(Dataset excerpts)
☆ ☆ ☆ ☆ ☆

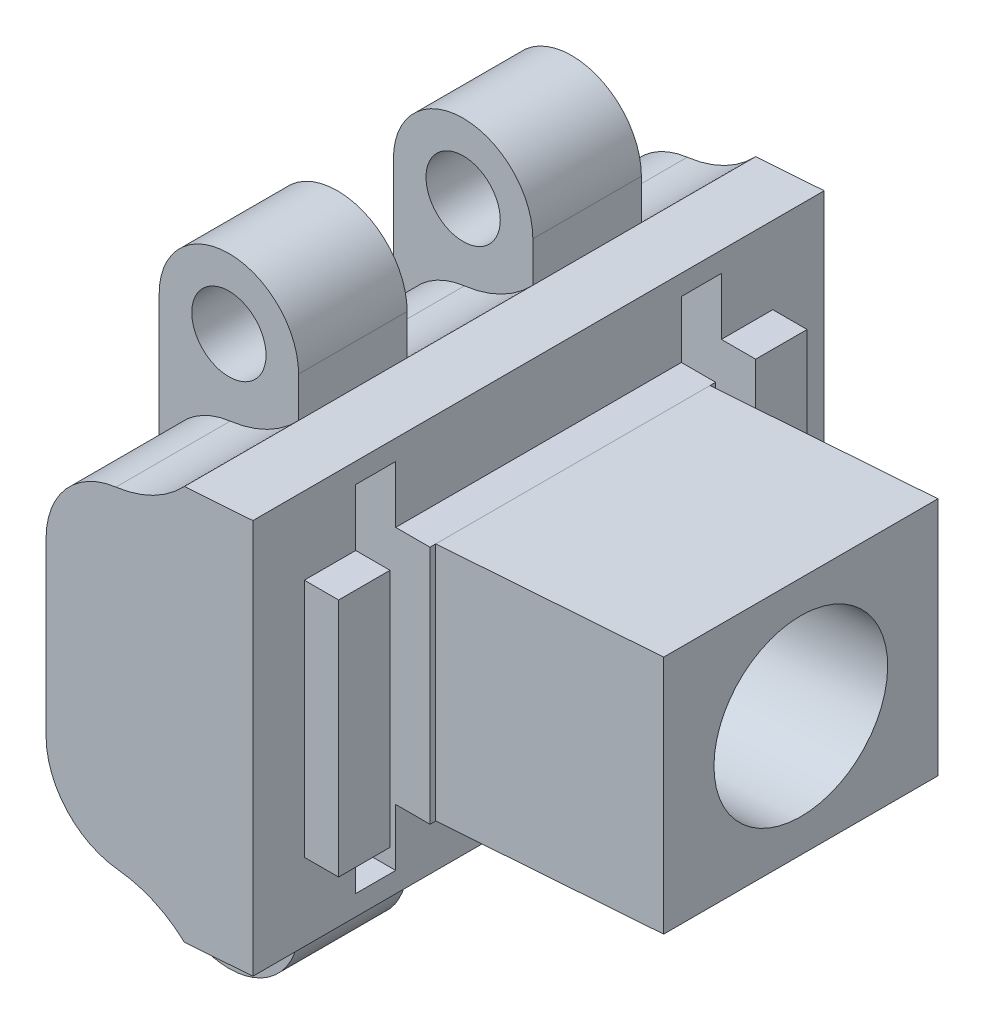
SolidWorks part; units mm, degrees
ref_plane "Front Plane" through (0, 0, 0) normal (0, 0, 1) x (1, 0, 0)
ref_plane "Top Plane" through (0, 0, 0) normal (0, 1, 0) x (1, 0, 0)
ref_plane "Right Plane" through (0, 0, 0) normal (1, 0, 0) x (0, 0, -1)
sketch "Sketch4" plane through (0, 0, 0) normal (0, 0, 1) x (1, 0, 0)
  line L0 (23.1832, 0) -> (-23.1832, 0) construction
  line L1 (7, -14.5) -> (-6, -14.5)
  line L2 (7, -14.5) -> (7, 14.5)
  line L3 (7, 14.5) -> (-6, 14.5)
  line L4 (-6, -14.5) -> (-6, 14.5)
  line L5 (7, -14.5) -> (-6, 14.5) construction
  line L6 (7, 14.5) -> (-6, -14.5) construction
  line L7 (0, -27.5) -> (0, 27.5) construction
  point P0 (0.5, 0)
  dimension "D1" = 6
  dimension "D2" = 7
  dimension "D3" = 29
extrude "Boss-Extrude1" add sketch "Sketch4" along normal blind 50
ref_plane "Plane1" through (0, 0, 14.75) normal (0, 0, 1) x (1, 0, 0)
ref_plane "Plane2" through (0, 0, 25) normal (0, 0, 1) x (1, 0, 0)
sketch "Sketch6" plane through (0, 0, 14.75) normal (0, 0, 1) x (1, 0, 0)
  line L0 (24.8332, 0) -> (-24.8332, 0) construction
  line L1 (0, -27.5) -> (0, 27.5) construction
  line L2 (-6.1, 21) -> (-6.1, 1)
  line L4 (-6.1, 1) -> (6.1, 1)
  line L5 (6.1, 1) -> (6.1, 21)
  circle A0 centre (0, 21) radius 3.25
  arc A1 (6.1, 21) -> (-6.1, 21) centre (0, 21) ccw
  arc A2 (-6.1, 21) -> (6.1, 21) centre (0, 21) ccw construction
  dimension "D1" = 6.5
  dimension "D2" = 12.2
  dimension "D3" = 21
  dimension "D4" = 20
extrude "Boss-Extrude2" add sketch "Sketch6" along normal blind 4.75 and the other way blind 4.75 contours L5 A1 L2 L4 A0 region at (0, 12.5003, 14.75)
mirror "Mirror1" about plane through (0, 0, 25) normal (0, 0, 1) of "Boss-Extrude2"
mirror "Mirror2" about plane through (0, 0, 0) normal (0, 1, 0) of "Mirror1", "Boss-Extrude2"
fillet "Fillet2" radius 7 6 edges at (-6, -14.5, 45) (-6, -14.5, 5) (-6, -14.5, 25) (-6, 14.5, 5) (-6, 14.5, 25) (-6, 14.5, 45)
ref_plane "Plane3" through (6.1, 0, 0) normal (1, 0, 0) x (0, 0, -1)
sketch "Sketch7" plane through (6.1, 0, 0) normal (1, 0, 0) x (0, 0, -1)
  line L0 (23.1832, 0) -> (-23.1832, 0) construction
  line L1 (0, -17.055) -> (-50, -17.055)
  line L2 (0, -17.055) -> (0, 17.055)
  line L3 (0, 17.055) -> (-50, 17.055)
  line L4 (-50, -17.055) -> (-50, 17.055)
  line L5 (0, -17.055) -> (-50, 17.055) construction
  line L6 (0, 17.055) -> (-50, -17.055) construction
  line L7 (-25, 7.15) -> (-25, -7.15) construction
  line L8 (-50, 14.5) -> (0, 14.5) construction
  point P0 (-25, 0)
  dimension "D1" = 34.11
extrude "Boss-Extrude3" add sketch "Sketch7" along normal blind 6
sketch "Sketch8" plane through (0, 0, 50) normal (0, 0, 1) x (1, 0, 0)
  line L0 (6.1, 17.4816) -> (12.1, 17.9011)
  line L1 (0, -27.5) -> (0, 27.5) construction
  line L2 (12.1, 17.9011) -> (12.1, 17.055)
  line L4 (6.1, 17.055) -> (18.7447, 17.055) construction
  line L5 (23.1832, 0) -> (-23.1832, 0) construction
  line L6 (6.1, 17.055) -> (12.1, 17.055)
  line L7 (6.1, 17.055) -> (6.1, 17.4816)
  line L8 (6.1, 14.5) -> (6.1, 17.055) construction
  line L10 (0, 17.055) -> (6.1, 17.4816) construction
  line L11 (0, 17.055) -> (6.1, 17.055) construction
  line L12 (0, 17.055) -> (6.1, 17.055) construction
  dimension "D1" = 4
  dimension "D2" = 17.055
extrude "Boss-Extrude4" add sketch "Sketch8" against normal up to surface (50 mm away) up to face at (3.5701, 0, 0)
sketch "Sketch9" plane through (0, 0, 50) normal (0, 0, 1) x (1, 0, 0)
  line L0 (6.1, -17.055) -> (17.7284, -16.2419)
  line L1 (6.1, -27.5) -> (6.1, 27.5) construction
  line L2 (17.7284, -16.2419) -> (17.7284, -20.1442)
  line L3 (17.7284, -20.1442) -> (6.1, -20.1442)
  line L4 (6.1, -20.1442) -> (6.1, -17.055)
  line L6 (23.1832, 0) -> (-23.1832, 0) construction
  dimension "D1" = 4
  dimension "D2" = 17.055
extrude "Cut-Extrude1" cut sketch "Sketch9" against normal through all
sketch "Sketch10" plane through (12.1, 0, 0) normal (1, 0, 0) x (0, 0, -1)
  line L0 (-25, 10.505) -> (-25, -10.505) construction
  line L1 (0, -16.6354) -> (-50, -16.6354) construction
  line L2 (0, -16.6354) -> (0, 17.9011) construction
  line L3 (0, 17.9011) -> (-50, 17.9011) construction
  line L4 (-50, -16.6354) -> (-50, 17.9011) construction
  line L5 (0, -16.6354) -> (-50, 17.9011) construction
  line L6 (0, 17.9011) -> (-50, -16.6354) construction
  line L7 (0, -16.6354) -> (-50, -16.6354) construction
  line L9 (-4.5, -9.8672) -> (-45.5, -9.8672)
  line L10 (-4.5, -9.8672) -> (-4.5, 11.1328)
  line L11 (-4.5, 11.1328) -> (-45.5, 11.1328)
  line L12 (-45.5, -9.8672) -> (-45.5, 11.1328)
  line L13 (-4.5, -9.8672) -> (-45.5, 11.1328) construction
  line L14 (-4.5, 11.1328) -> (-45.5, -9.8672) construction
  point P0 (-25, 0.6328)
  point P10 (-25, 0.6328)
  dimension "D1" = 41
  dimension "D2" = 21
extrude "Boss-Extrude5" add sketch "Sketch10" along normal blind 3 contours L10 L9 L12 L11
fillet "Fillet4" radius 10 6 edges at (6.1, -14.5, 45) (6.1, -14.5, 25) (6.1, -14.5, 5) (6.1, 14.5, 5) (6.1, 14.5, 25) (6.1, 14.5, 45)
sketch "Sketch11" plane through (12.1, 0, 0) normal (1, 0, 0) x (0, 0, -1)
  line L0 (-25, 9.955) -> (-25, -9.955) construction
  line L1 (0, -16.6354) -> (-50, -16.6354) construction
  line L2 (0, -16.6354) -> (0, 17.9011) construction
  line L3 (0, 17.9011) -> (-50, 17.9011) construction
  line L4 (-50, -16.6354) -> (-50, 17.9011) construction
  line L5 (0, -16.6354) -> (-50, 17.9011) construction
  line L6 (0, 17.9011) -> (-50, -16.6354) construction
  line L7 (0, -16.6354) -> (-50, -16.6354) construction
  line L8 (-9, 16.1328) -> (-12.5, 16.1328)
  line L9 (-41, -14.8672) -> (-37.5, -14.8672)
  line L10 (-41, -14.8672) -> (-41, 16.1328)
  line L11 (-41, 16.1328) -> (-37.5, 16.1328)
  line L12 (-37.5, -14.8672) -> (-37.5, 16.1328)
  line L13 (-41, -14.8672) -> (-37.5, 16.1328) construction
  line L14 (-41, 16.1328) -> (-37.5, -14.8672) construction
  line L15 (-12.5, -14.8672) -> (-12.5, 16.1328)
  line L16 (-9, -14.8672) -> (-12.5, -14.8672)
  line L17 (-9, -14.8672) -> (-9, 16.1328)
  point P0 (-25, 0.6328)
  point P10 (-39.25, 0.6328)
  dimension "D1" = 3.5
  dimension "D2" = 31
  dimension "D3" = 12.5
extrude "Cut-Extrude2" cut sketch "Sketch11" along normal through all and the other way blind 7
sketch "Sketch12" plane through (15.1, 0, 0) normal (1, 0, 0) x (0, 0, -1)
  line L0 (-25, 9.955) -> (-25, -9.955) construction
  line L1 (-12.5, -9.8672) -> (-37.5, -9.8672) construction
  line L2 (-12.5, -9.8672) -> (-12.5, 11.1328) construction
  line L3 (-12.5, 11.1328) -> (-37.5, 11.1328) construction
  line L4 (-37.5, -9.8672) -> (-37.5, 11.1328) construction
  line L5 (-12.5, -9.8672) -> (-37.5, 11.1328) construction
  line L6 (-12.5, 11.1328) -> (-37.5, -9.8672) construction
  line L7 (-12.5, -9.8672) -> (-37.5, -9.8672) construction
  line L9 (-13, -9.8672) -> (-37, -9.8672)
  line L10 (-13, -9.8672) -> (-13, 11.1328)
  line L11 (-13, 11.1328) -> (-37, 11.1328)
  line L12 (-37, -9.8672) -> (-37, 11.1328)
  line L13 (-13, -9.8672) -> (-37, 11.1328) construction
  line L14 (-13, 11.1328) -> (-37, -9.8672) construction
  point P0 (-25, 0.6328)
  point P10 (-25, 0.6328)
  dimension "D1" = 24
sketch "Sketch14" plane through (0, 0, 25) normal (0, 0, 1) x (1, 0, 0)
  line L0 (15.1, 11.1328) -> (34.3064, 12.4759) construction
  line L1 (15.1, -9.8672) -> (15.1, 11.1328) construction
  dimension "D1" = 94
extrude "Boss-Extrude7" add sketch "Sketch12" along direction (0.9976, 0.0698, 0) on the side of the normal blind 20
ref_plane "Plane4" through (35.7525, 2.5001, 0) normal (0.9976, 0.0698, 0) x (0, 0, -1)
sketch "Sketch15" plane through (35.7525, 2.5001, 0) normal (0.9976, 0.0698, 0) x (0, 0, -1)
  line L1 (-25, 9.955) -> (-25, -9.955) construction
  circle A0 centre (-25, -0.3964) radius 7.6
  dimension "D1" = 10.5
  dimension "D2" = 15.2
extrude "Cut-Extrude3" cut sketch "Sketch15" against normal blind 24

☆ ☆ ☆ ☆ ☆

# [WHAT TO DO]
Up to and including the line that holds "(-6, 14.5, 45)", restate word for word each line of the records from their start, and only those lines, leaving out the pictures.

# [TASK SOLUTION]
SolidWorks part; units mm, degrees
ref_plane "Front Plane" through (0, 0, 0) normal (0, 0, 1) x (1, 0, 0)
ref_plane "Top Plane" through (0, 0, 0) normal (0, 1, 0) x (1, 0, 0)
ref_plane "Right Plane" through (0, 0, 0) normal (1, 0, 0) x (0, 0, -1)
sketch "Sketch4" plane through (0, 0, 0) normal (0, 0, 1) x (1, 0, 0)
  line L0 (23.1832, 0) -> (-23.1832, 0) construction
  line L1 (7, -14.5) -> (-6, -14.5)
  line L2 (7, -14.5) -> (7, 14.5)
  line L3 (7, 14.5) -> (-6, 14.5)
  line L4 (-6, -14.5) -> (-6, 14.5)
  line L5 (7, -14.5) -> (-6, 14.5) construction
  line L6 (7, 14.5) -> (-6, -14.5) construction
  line L7 (0, -27.5) -> (0, 27.5) construction
  point P0 (0.5, 0)
  dimension "D1" = 6
  dimension "D2" = 7
  dimension "D3" = 29
extrude "Boss-Extrude1" add sketch "Sketch4" along normal blind 50
ref_plane "Plane1" through (0, 0, 14.75) normal (0, 0, 1) x (1, 0, 0)
ref_plane "Plane2" through (0, 0, 25) normal (0, 0, 1) x (1, 0, 0)
sketch "Sketch6" plane through (0, 0, 14.75) normal (0, 0, 1) x (1, 0, 0)
  line L0 (24.8332, 0) -> (-24.8332, 0) construction
  line L1 (0, -27.5) -> (0, 27.5) construction
  line L2 (-6.1, 21) -> (-6.1, 1)
  line L4 (-6.1, 1) -> (6.1, 1)
  line L5 (6.1, 1) -> (6.1, 21)
  circle A0 centre (0, 21) radius 3.25
  arc A1 (6.1, 21) -> (-6.1, 21) centre (0, 21) ccw
  arc A2 (-6.1, 21) -> (6.1, 21) centre (0, 21) ccw construction
  dimension "D1" = 6.5
  dimension "D2" = 12.2
  dimension "D3" = 21
  dimension "D4" = 20
extrude "Boss-Extrude2" add sketch "Sketch6" along normal blind 4.75 and the other way blind 4.75 contours L5 A1 L2 L4 A0 region at (0, 12.5003, 14.75)
mirror "Mirror1" about plane through (0, 0, 25) normal (0, 0, 1) of "Boss-Extrude2"
mirror "Mirror2" about plane through (0, 0, 0) normal (0, 1, 0) of "Mirror1", "Boss-Extrude2"
fillet "Fillet2" radius 7 6 edges at (-6, -14.5, 45) (-6, -14.5, 5) (-6, -14.5, 25) (-6, 14.5, 5) (-6, 14.5, 25) (-6, 14.5, 45)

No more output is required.